EXERCISE GOAL:
When the word "sourcePoint" shows up in a line of the records below, copy that line.

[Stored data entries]
·····
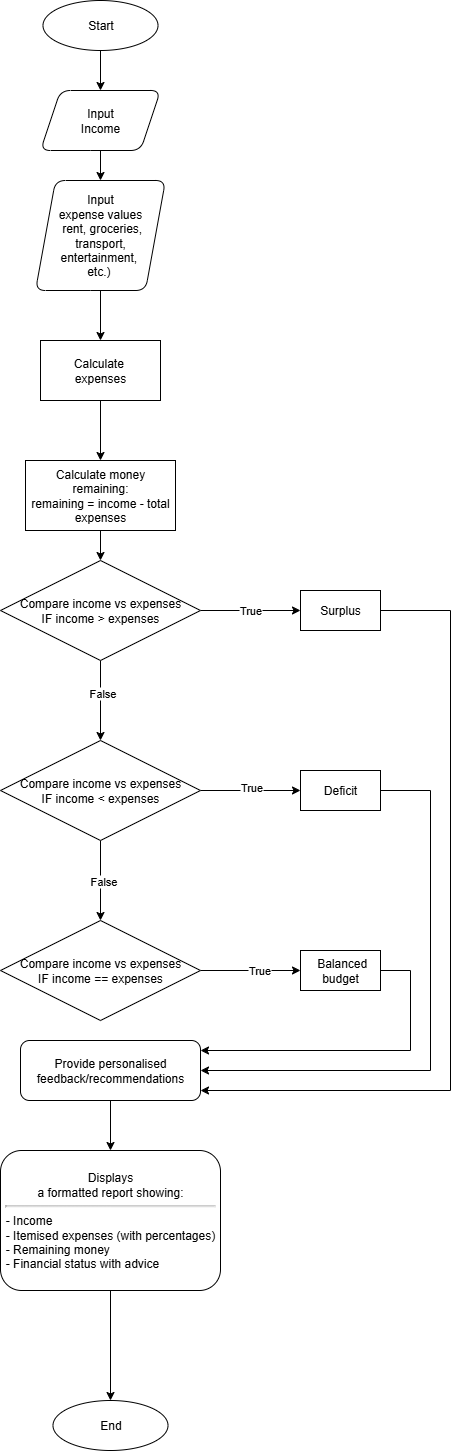

The diagram above was exported from draw.io. Its source (the exported page's mxGraphModel, read from the mxfile embedded in the PNG):
<mxGraphModel dx="2000" dy="1078" grid="1" gridSize="10" guides="1" tooltips="1" connect="1" arrows="1" fold="1" page="1" pageScale="1" pageWidth="583" pageHeight="827" math="0" shadow="0">
  <root>
    <mxCell id="0" />
    <mxCell id="1" parent="0" />
    <mxCell id="JQBPrW8n_MdQUAR3-wxt-3" value="" style="edgeStyle=orthogonalEdgeStyle;rounded=0;orthogonalLoop=1;jettySize=auto;html=1;" edge="1" parent="1" target="JQBPrW8n_MdQUAR3-wxt-2">
      <mxGeometry relative="1" as="geometry">
        <mxPoint x="310" y="140" as="sourcePoint" />
      </mxGeometry>
    </mxCell>
    <mxCell id="JQBPrW8n_MdQUAR3-wxt-5" value="" style="edgeStyle=orthogonalEdgeStyle;rounded=0;orthogonalLoop=1;jettySize=auto;html=1;" edge="1" parent="1" source="JQBPrW8n_MdQUAR3-wxt-2" target="JQBPrW8n_MdQUAR3-wxt-4">
      <mxGeometry relative="1" as="geometry" />
    </mxCell>
    <mxCell id="JQBPrW8n_MdQUAR3-wxt-2" value="Input&lt;div&gt;Income&lt;/div&gt;" style="shape=parallelogram;perimeter=parallelogramPerimeter;whiteSpace=wrap;html=1;fixedSize=1;rounded=1;" vertex="1" parent="1">
      <mxGeometry x="250" y="180" width="120" height="60" as="geometry" />
    </mxCell>
    <mxCell id="JQBPrW8n_MdQUAR3-wxt-9" value="" style="edgeStyle=orthogonalEdgeStyle;rounded=0;orthogonalLoop=1;jettySize=auto;html=1;" edge="1" parent="1" source="JQBPrW8n_MdQUAR3-wxt-4" target="JQBPrW8n_MdQUAR3-wxt-10">
      <mxGeometry relative="1" as="geometry">
        <mxPoint x="310" y="485" as="targetPoint" />
        <Array as="points">
          <mxPoint x="310" y="430" />
          <mxPoint x="310" y="430" />
        </Array>
      </mxGeometry>
    </mxCell>
    <mxCell id="JQBPrW8n_MdQUAR3-wxt-4" value="Input&lt;div&gt;&lt;div&gt;expense values&lt;/div&gt;&lt;div&gt;&amp;nbsp;rent, groceries, transport,&lt;/div&gt;&lt;div&gt;entertainment,&amp;nbsp;&lt;/div&gt;&lt;div&gt;etc.)&amp;nbsp;&lt;/div&gt;&lt;/div&gt;" style="shape=parallelogram;perimeter=parallelogramPerimeter;whiteSpace=wrap;html=1;fixedSize=1;rounded=1;" vertex="1" parent="1">
      <mxGeometry x="245" y="270" width="130" height="110" as="geometry" />
    </mxCell>
    <mxCell id="JQBPrW8n_MdQUAR3-wxt-12" value="" style="edgeStyle=orthogonalEdgeStyle;rounded=0;orthogonalLoop=1;jettySize=auto;html=1;" edge="1" parent="1" source="JQBPrW8n_MdQUAR3-wxt-10" target="JQBPrW8n_MdQUAR3-wxt-11">
      <mxGeometry relative="1" as="geometry" />
    </mxCell>
    <mxCell id="JQBPrW8n_MdQUAR3-wxt-10" value="Calculate&amp;nbsp;&lt;div&gt;expenses&lt;/div&gt;" style="rounded=0;whiteSpace=wrap;html=1;" vertex="1" parent="1">
      <mxGeometry x="250" y="430" width="120" height="60" as="geometry" />
    </mxCell>
    <mxCell id="JQBPrW8n_MdQUAR3-wxt-15" value="" style="edgeStyle=orthogonalEdgeStyle;rounded=0;orthogonalLoop=1;jettySize=auto;html=1;" edge="1" parent="1" source="JQBPrW8n_MdQUAR3-wxt-11" target="JQBPrW8n_MdQUAR3-wxt-14">
      <mxGeometry relative="1" as="geometry" />
    </mxCell>
    <mxCell id="JQBPrW8n_MdQUAR3-wxt-11" value="Calculate money remaining:&lt;div&gt;remaining = income - total expenses&lt;/div&gt;" style="whiteSpace=wrap;html=1;rounded=0;" vertex="1" parent="1">
      <mxGeometry x="235" y="550" width="150" height="70" as="geometry" />
    </mxCell>
    <mxCell id="JQBPrW8n_MdQUAR3-wxt-16" value="True" style="edgeStyle=orthogonalEdgeStyle;rounded=0;orthogonalLoop=1;jettySize=auto;html=1;exitX=1;exitY=0.5;exitDx=0;exitDy=0;" edge="1" parent="1" source="JQBPrW8n_MdQUAR3-wxt-14">
      <mxGeometry relative="1" as="geometry">
        <mxPoint x="510" y="700" as="targetPoint" />
      </mxGeometry>
    </mxCell>
    <mxCell id="JQBPrW8n_MdQUAR3-wxt-23" value="" style="edgeStyle=orthogonalEdgeStyle;rounded=0;orthogonalLoop=1;jettySize=auto;html=1;" edge="1" parent="1" source="JQBPrW8n_MdQUAR3-wxt-14" target="JQBPrW8n_MdQUAR3-wxt-22">
      <mxGeometry relative="1" as="geometry" />
    </mxCell>
    <mxCell id="JQBPrW8n_MdQUAR3-wxt-24" value="False" style="edgeLabel;html=1;align=center;verticalAlign=middle;resizable=0;points=[];" vertex="1" connectable="0" parent="JQBPrW8n_MdQUAR3-wxt-23">
      <mxGeometry x="-0.2" y="1" relative="1" as="geometry">
        <mxPoint as="offset" />
      </mxGeometry>
    </mxCell>
    <mxCell id="JQBPrW8n_MdQUAR3-wxt-14" value="&lt;div&gt;Compare income vs expenses&lt;/div&gt;&lt;div&gt;&amp;nbsp;IF income &amp;gt; expenses&amp;nbsp;&lt;/div&gt;" style="rhombus;whiteSpace=wrap;html=1;rounded=0;" vertex="1" parent="1">
      <mxGeometry x="210" y="650" width="200" height="100" as="geometry" />
    </mxCell>
    <mxCell id="JQBPrW8n_MdQUAR3-wxt-142" style="edgeStyle=orthogonalEdgeStyle;rounded=0;orthogonalLoop=1;jettySize=auto;html=1;exitX=1;exitY=0.5;exitDx=0;exitDy=0;" edge="1" parent="1" source="JQBPrW8n_MdQUAR3-wxt-19">
      <mxGeometry relative="1" as="geometry">
        <mxPoint x="410" y="1180" as="targetPoint" />
        <Array as="points">
          <mxPoint x="660" y="700" />
          <mxPoint x="660" y="1180" />
        </Array>
      </mxGeometry>
    </mxCell>
    <mxCell id="JQBPrW8n_MdQUAR3-wxt-19" value="Surplus" style="rounded=0;whiteSpace=wrap;html=1;" vertex="1" parent="1">
      <mxGeometry x="510" y="680" width="80" height="40" as="geometry" />
    </mxCell>
    <mxCell id="JQBPrW8n_MdQUAR3-wxt-26" value="" style="edgeStyle=orthogonalEdgeStyle;rounded=0;orthogonalLoop=1;jettySize=auto;html=1;" edge="1" parent="1" source="JQBPrW8n_MdQUAR3-wxt-22" target="JQBPrW8n_MdQUAR3-wxt-25">
      <mxGeometry relative="1" as="geometry" />
    </mxCell>
    <mxCell id="JQBPrW8n_MdQUAR3-wxt-27" value="True" style="edgeLabel;html=1;align=center;verticalAlign=middle;resizable=0;points=[];" vertex="1" connectable="0" parent="JQBPrW8n_MdQUAR3-wxt-26">
      <mxGeometry x="0.004" y="4" relative="1" as="geometry">
        <mxPoint as="offset" />
      </mxGeometry>
    </mxCell>
    <mxCell id="JQBPrW8n_MdQUAR3-wxt-121" value="" style="edgeStyle=orthogonalEdgeStyle;rounded=0;orthogonalLoop=1;jettySize=auto;html=1;" edge="1" parent="1" source="JQBPrW8n_MdQUAR3-wxt-22" target="JQBPrW8n_MdQUAR3-wxt-120">
      <mxGeometry relative="1" as="geometry" />
    </mxCell>
    <mxCell id="JQBPrW8n_MdQUAR3-wxt-122" value="False" style="edgeLabel;html=1;align=center;verticalAlign=middle;resizable=0;points=[];" vertex="1" connectable="0" parent="JQBPrW8n_MdQUAR3-wxt-121">
      <mxGeometry x="0.0066" y="2" relative="1" as="geometry">
        <mxPoint as="offset" />
      </mxGeometry>
    </mxCell>
    <mxCell id="JQBPrW8n_MdQUAR3-wxt-22" value="&lt;div&gt;Compare income vs expenses&lt;/div&gt;&lt;div&gt;&amp;nbsp;IF income &amp;lt; expenses&amp;nbsp;&lt;/div&gt;" style="rhombus;whiteSpace=wrap;html=1;rounded=0;" vertex="1" parent="1">
      <mxGeometry x="210" y="830" width="200" height="100" as="geometry" />
    </mxCell>
    <mxCell id="JQBPrW8n_MdQUAR3-wxt-25" value="Deficit" style="whiteSpace=wrap;html=1;rounded=0;" vertex="1" parent="1">
      <mxGeometry x="510" y="860" width="80" height="40" as="geometry" />
    </mxCell>
    <mxCell id="JQBPrW8n_MdQUAR3-wxt-124" value="" style="edgeStyle=orthogonalEdgeStyle;rounded=0;orthogonalLoop=1;jettySize=auto;html=1;" edge="1" parent="1" source="JQBPrW8n_MdQUAR3-wxt-120" target="JQBPrW8n_MdQUAR3-wxt-123">
      <mxGeometry relative="1" as="geometry" />
    </mxCell>
    <mxCell id="JQBPrW8n_MdQUAR3-wxt-144" value="True" style="edgeLabel;html=1;align=center;verticalAlign=middle;resizable=0;points=[];" vertex="1" connectable="0" parent="JQBPrW8n_MdQUAR3-wxt-124">
      <mxGeometry x="0.1514" y="1" relative="1" as="geometry">
        <mxPoint as="offset" />
      </mxGeometry>
    </mxCell>
    <mxCell id="JQBPrW8n_MdQUAR3-wxt-120" value="&lt;div&gt;Compare income vs expenses&lt;/div&gt;&lt;div&gt;&amp;nbsp;IF income == expenses&amp;nbsp;&lt;/div&gt;" style="rhombus;whiteSpace=wrap;html=1;rounded=0;" vertex="1" parent="1">
      <mxGeometry x="210" y="1010" width="200" height="100" as="geometry" />
    </mxCell>
    <mxCell id="JQBPrW8n_MdQUAR3-wxt-141" style="edgeStyle=orthogonalEdgeStyle;rounded=0;orthogonalLoop=1;jettySize=auto;html=1;exitX=1;exitY=0.5;exitDx=0;exitDy=0;" edge="1" parent="1" source="JQBPrW8n_MdQUAR3-wxt-123">
      <mxGeometry relative="1" as="geometry">
        <mxPoint x="410" y="1140" as="targetPoint" />
        <Array as="points">
          <mxPoint x="620" y="1060" />
          <mxPoint x="620" y="1140" />
        </Array>
      </mxGeometry>
    </mxCell>
    <mxCell id="JQBPrW8n_MdQUAR3-wxt-123" value="&amp;nbsp;Balanced budget" style="whiteSpace=wrap;html=1;rounded=0;" vertex="1" parent="1">
      <mxGeometry x="510" y="1040" width="80" height="40" as="geometry" />
    </mxCell>
    <mxCell id="JQBPrW8n_MdQUAR3-wxt-125" value="Start" style="ellipse;whiteSpace=wrap;html=1;" vertex="1" parent="1">
      <mxGeometry x="252.5" y="90" width="115" height="50" as="geometry" />
    </mxCell>
    <mxCell id="JQBPrW8n_MdQUAR3-wxt-134" value="" style="edgeStyle=orthogonalEdgeStyle;rounded=0;orthogonalLoop=1;jettySize=auto;html=1;exitX=1;exitY=0.5;exitDx=0;exitDy=0;" edge="1" parent="1" source="JQBPrW8n_MdQUAR3-wxt-25">
      <mxGeometry relative="1" as="geometry">
        <mxPoint x="630" y="880" as="sourcePoint" />
        <mxPoint x="410" y="1160" as="targetPoint" />
        <Array as="points">
          <mxPoint x="640" y="880" />
          <mxPoint x="640" y="1160" />
        </Array>
      </mxGeometry>
    </mxCell>
    <mxCell id="JQBPrW8n_MdQUAR3-wxt-146" value="" style="edgeStyle=orthogonalEdgeStyle;rounded=0;orthogonalLoop=1;jettySize=auto;html=1;" edge="1" parent="1" source="JQBPrW8n_MdQUAR3-wxt-143" target="JQBPrW8n_MdQUAR3-wxt-145">
      <mxGeometry relative="1" as="geometry" />
    </mxCell>
    <mxCell id="JQBPrW8n_MdQUAR3-wxt-143" value="Provide personalised feedback/recommendations" style="rounded=1;whiteSpace=wrap;html=1;" vertex="1" parent="1">
      <mxGeometry x="230" y="1130" width="180" height="60" as="geometry" />
    </mxCell>
    <mxCell id="JQBPrW8n_MdQUAR3-wxt-148" value="" style="edgeStyle=orthogonalEdgeStyle;rounded=0;orthogonalLoop=1;jettySize=auto;html=1;" edge="1" parent="1" source="JQBPrW8n_MdQUAR3-wxt-145">
      <mxGeometry relative="1" as="geometry">
        <mxPoint x="320" y="1490" as="targetPoint" />
      </mxGeometry>
    </mxCell>
    <mxCell id="JQBPrW8n_MdQUAR3-wxt-145" value="&lt;br&gt;Displays&lt;br&gt;a formatted report showing:&lt;hr&gt;&lt;div style=&quot;text-align: left;&quot;&gt;- Income&lt;/div&gt;&lt;div style=&quot;text-align: left;&quot;&gt;- Itemised expenses (with percentages)&lt;/div&gt;&lt;div style=&quot;text-align: left;&quot;&gt;- Remaining money&lt;/div&gt;&lt;div&gt;&lt;div style=&quot;text-align: left;&quot;&gt;&lt;span style=&quot;background-color: transparent; color: light-dark(rgb(0, 0, 0), rgb(255, 255, 255));&quot;&gt;- Financial status with advice&lt;/span&gt;&lt;/div&gt;&lt;br&gt;&lt;/div&gt;" style="whiteSpace=wrap;html=1;rounded=1;" vertex="1" parent="1">
      <mxGeometry x="210" y="1240" width="220" height="140" as="geometry" />
    </mxCell>
    <mxCell id="JQBPrW8n_MdQUAR3-wxt-149" value="End" style="ellipse;whiteSpace=wrap;html=1;" vertex="1" parent="1">
      <mxGeometry x="262.5" y="1490" width="115" height="50" as="geometry" />
    </mxCell>
  </root>
</mxGraphModel>
·····
RESPONSE AREA:
        <mxPoint x="310" y="140" as="sourcePoint" />
        <mxPoint x="630" y="880" as="sourcePoint" />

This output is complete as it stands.